Please only attempt this section if you have more than an hour left of the practical session. Otherwise, this is simply here as a helpful guide for future reference.

Setting Themes

ggplot2 uses the idea of themes to control the overall appearance. The default has white grid-lines and a grey background, with a good alternative being theme_bw().

ggplot(data, aes(x = gender, y = height, fill = gender)) +
  geom_boxplot() +
  theme_bw()

Try some of the alternatives like theme_void() and theme_classic()

The theme() function is also where you set axis.text, legend and a whole raft of other attributes. The syntax often uses elements to set an attribute, which can take a while to come to grips with. Let’s check the help page.

?theme

As an example, changing text within themes uses element_text()

?element_text

Let’s change the text on the x-axis of our last plot. Hopefully this gives you enough ideas on how to customise your own plots.

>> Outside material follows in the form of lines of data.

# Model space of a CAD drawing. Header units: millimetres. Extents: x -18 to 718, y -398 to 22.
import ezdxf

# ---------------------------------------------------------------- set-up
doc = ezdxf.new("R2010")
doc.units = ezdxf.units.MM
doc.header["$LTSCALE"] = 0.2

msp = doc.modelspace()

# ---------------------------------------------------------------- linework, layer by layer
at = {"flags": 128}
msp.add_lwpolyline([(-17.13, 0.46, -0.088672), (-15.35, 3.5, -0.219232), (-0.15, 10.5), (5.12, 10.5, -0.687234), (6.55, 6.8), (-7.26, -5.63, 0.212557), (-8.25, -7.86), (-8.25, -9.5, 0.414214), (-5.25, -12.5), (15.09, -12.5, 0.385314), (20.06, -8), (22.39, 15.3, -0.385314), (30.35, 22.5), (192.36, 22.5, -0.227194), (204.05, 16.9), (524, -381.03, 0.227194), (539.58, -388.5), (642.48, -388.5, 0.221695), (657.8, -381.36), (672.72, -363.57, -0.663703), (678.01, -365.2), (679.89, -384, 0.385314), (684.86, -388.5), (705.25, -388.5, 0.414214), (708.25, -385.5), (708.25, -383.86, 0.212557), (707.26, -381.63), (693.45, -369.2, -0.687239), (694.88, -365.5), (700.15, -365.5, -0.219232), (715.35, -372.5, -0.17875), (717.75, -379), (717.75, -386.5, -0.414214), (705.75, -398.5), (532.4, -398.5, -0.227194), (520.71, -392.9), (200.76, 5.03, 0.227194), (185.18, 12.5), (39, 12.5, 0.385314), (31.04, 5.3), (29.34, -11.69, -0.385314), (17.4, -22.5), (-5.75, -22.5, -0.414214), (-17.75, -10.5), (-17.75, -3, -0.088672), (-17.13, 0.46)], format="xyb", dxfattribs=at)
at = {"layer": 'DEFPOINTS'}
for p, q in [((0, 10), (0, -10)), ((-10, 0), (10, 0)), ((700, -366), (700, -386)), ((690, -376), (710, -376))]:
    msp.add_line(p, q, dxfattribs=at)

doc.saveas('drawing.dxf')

ggplot(data, aes(x = gender, y = height, fill = gender)) +
  geom_boxplot() +
  theme_bw() +
  theme(axis.text.x = element_text(angle = 90, hjust = 1, vjust = 0.5))
What do hjust and vjust do in the above code? They control the horizontal and vertical adjustment of the text, using the direction of the letters as the reference point. hjust = 1 means right alignment of the text in the horizontal direction, whilst vjust = 0.5 means centre alignment in the vertical direction. Both these values take vales between 0 & 1.

Legend Positions

We can also move the legend to multiple places:

ggplot(data, aes(x = gender, y = height, fill = gender)) +
  geom_boxplot() +
  theme_bw() +
  theme(legend.position = "bottom")

Or we can use co-ordinates to place it inside the plotting region. This method treats the plot area as a grid of width = height = 1.

ggplot(data, aes(x = gender, y = height, fill = gender)) +
  geom_boxplot() +
  theme_bw() +
  theme(legend.position = c(0.85, 0.15))

Colours and Axes

The scale of axes or fill colours can also be set manually to be reverse or on the log10 scale.

ggplot(data, aes(x = gender, y = height, fill = gender)) +
  geom_boxplot() +
  theme_bw() +
  theme(legend.position = c(0.85, 0.15)) +
  scale_y_continuous(limits = c(1.5, 2)) +
  scale_fill_manual(values = c("grey70", "lightblue"))

In the last line of the above, we’ve also set the colour manually. Once you get used to this plotting approach, it’s very easy to customise and make great looking plots.